If you're planning on upgrading your lights, then you will have to buy new speedrings for whatever softbox you do get.  I would have thought ABs were ideal for this sort of work.


----------



## pixmedic (Jan 4, 2017)

Don't forget that the light Is greatly affected by it's proximity to the subject. The closer the light,  the softer it is. 
If you haven't tried lower power and closer proximity, you might want to before committing to buying more gear.

I used 43" umbrella softboxes, maybe 2 feet away from the subject (or less) for most of my portraits.


----------



## Derrel (Jan 4, 2017)

You could get that soft light by using a large diffusion panel and shooting the light through it. The "box" aids mostly in moving it around and raising and lowering it easily. Recessed front would offer a grid option, but that might not be as useful on such a large box as it is on smaller boxes. Do you have a diffuser fabric for the PLM?

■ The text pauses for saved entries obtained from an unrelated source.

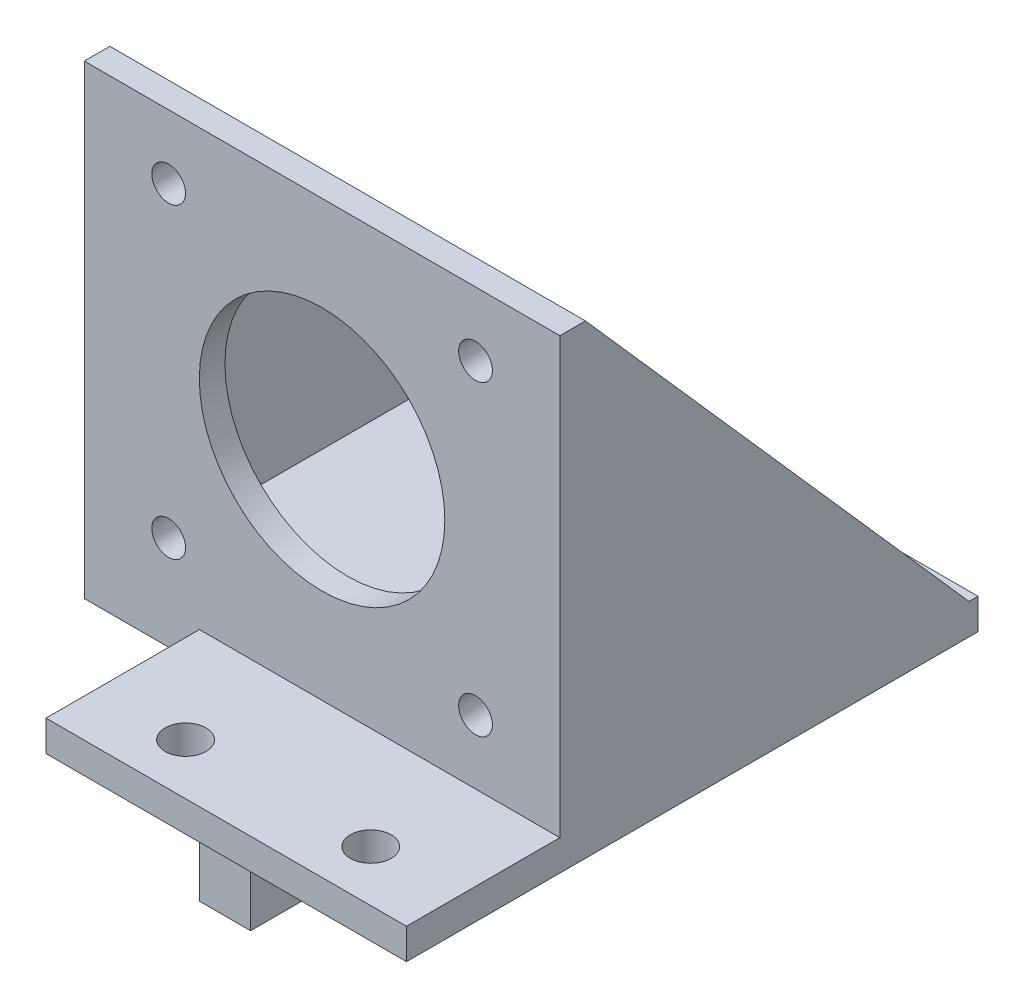
from build123d import *

# Parameters (mm, degrees)
SKETCH1_R           = 2
BOSS_EXTRUDE1_DEPTH = 3
BOSS_EXTRUDE2_DEPTH = 42.5
CUT_EXTRUDE1_DEPTH  = 77.832667384
SKETCH4_R           = 12
SKETCH4_R_2         = 1.65
CUT_EXTRUDE2_DEPTH  = 82.92227278
SKETCH6_W           = 5
SKETCH6_H           = 40.874916237
BOSS_EXTRUDE3_DEPTH = 20
SKETCH7_R           = 2.025
CUT_EXTRUDE4_DEPTH  = 69.231144603


with BuildPart() as part:
    # Sketch1 → Boss-Extrude1 (new body)
    with BuildSketch(Plane(origin=(0, 0, 0), x_dir=(1, 0, 0), z_dir=(0, 1, 0))):
        Polygon((54.5, 0.874916237), (54.5, 40.874916237), (8, 40.874916237), (8, 0), (19.259624399, 0), (19.259624399, -15), (54.5, -15), align=None)
        with Locations(Location((27.904171313, -10, 0), (0, 0, 270))):
            Circle(SKETCH1_R, mode=Mode.SUBTRACT)
        with Locations(Location((46.009358787, -10, 0), (0, 0, 270))):
            Circle(SKETCH1_R, mode=Mode.SUBTRACT)
    extrude(amount=BOSS_EXTRUDE1_DEPTH)

    # Sketch2 → Boss-Extrude2 (add)
    with BuildSketch(Plane(origin=(0, 3, 0), x_dir=(1, 0, 0), z_dir=(0, 1, 0))):
        Polygon((10, 2.5), (10, 40), (8, 40), (8, 0), (54.5, 0), (54.5, 40), (52.5, 40), (52.5, 2.5), align=None)
    extrude(amount=BOSS_EXTRUDE2_DEPTH)

    # Sketch3 → Cut-Extrude1 (cut, through all)
    with BuildSketch(Plane(origin=(54.5, 0, 0), x_dir=(0, 0, -1), z_dir=(1, 0, 0))):
        Polygon((40, 45.5), (2.5, 45.5), (40, 3), align=None)
    extrude(amount=-CUT_EXTRUDE1_DEPTH, mode=Mode.SUBTRACT)

    # Sketch4 → Cut-Extrude2 (cut, through all)
    with BuildSketch(Plane.XY):
        with Locations((31.25, 24.25)):
            Circle(SKETCH4_R)
        with Locations((16.25, 9.25)):
            Circle(SKETCH4_R_2)
        with Locations((16.25, 39.25)):
            Circle(SKETCH4_R_2)
        with Locations((46.25, 39.25)):
            Circle(SKETCH4_R_2)
        with Locations((46.25, 9.25)):
            Circle(SKETCH4_R_2)
    extrude(amount=-CUT_EXTRUDE2_DEPTH, mode=Mode.SUBTRACT)

    # Sketch6 → Boss-Extrude3 (add)
    with BuildSketch(Plane.XZ):
        with Locations((21.759624399, -20.437458119)):
            Rectangle(SKETCH6_W, SKETCH6_H)
    extrude(amount=BOSS_EXTRUDE3_DEPTH)

    # Sketch7 → Cut-Extrude4 (cut, through all)
    with BuildSketch(Plane(origin=(24.259624399, 0, 0), x_dir=(0, 0, -1), z_dir=(1, 0, 0))):
        with Locations((35, -10)):
            Circle(SKETCH7_R)
        with Locations((20, -10)):
            Circle(SKETCH7_R)
        with Locations((5, -10)):
            Circle(SKETCH7_R)
    extrude(amount=-CUT_EXTRUDE4_DEPTH, mode=Mode.SUBTRACT)


solid = part.part

Giant umbrellas, like the 7-footer I bought, are in many cases, a giant PITA in anything except a full-blown, 16-foot-ceiling area...all they give is a massive "wall" of light, and it's hard to get much direction off of such a giant, parabolic reflector...it's like the front end of a wheat ...

Very soft light is also relative to the distance and the size of the object. If you want softer light inside, consider adding a diffuser in front of the flashtube, inside of the box, so the light that starts out is scrambled (ie Einstein frosted diffuser, JTL, Profit, that type of a frosted diffuser cover that goes over the flashtube assembly), and only then hits either the umbrella fabric or the diffusing baffle. TuffSpun for example, or frosted mylar.

All of the boxes you mentioned look okay. I've had good luck with Westcott and Photoflex brand products for years now.


----------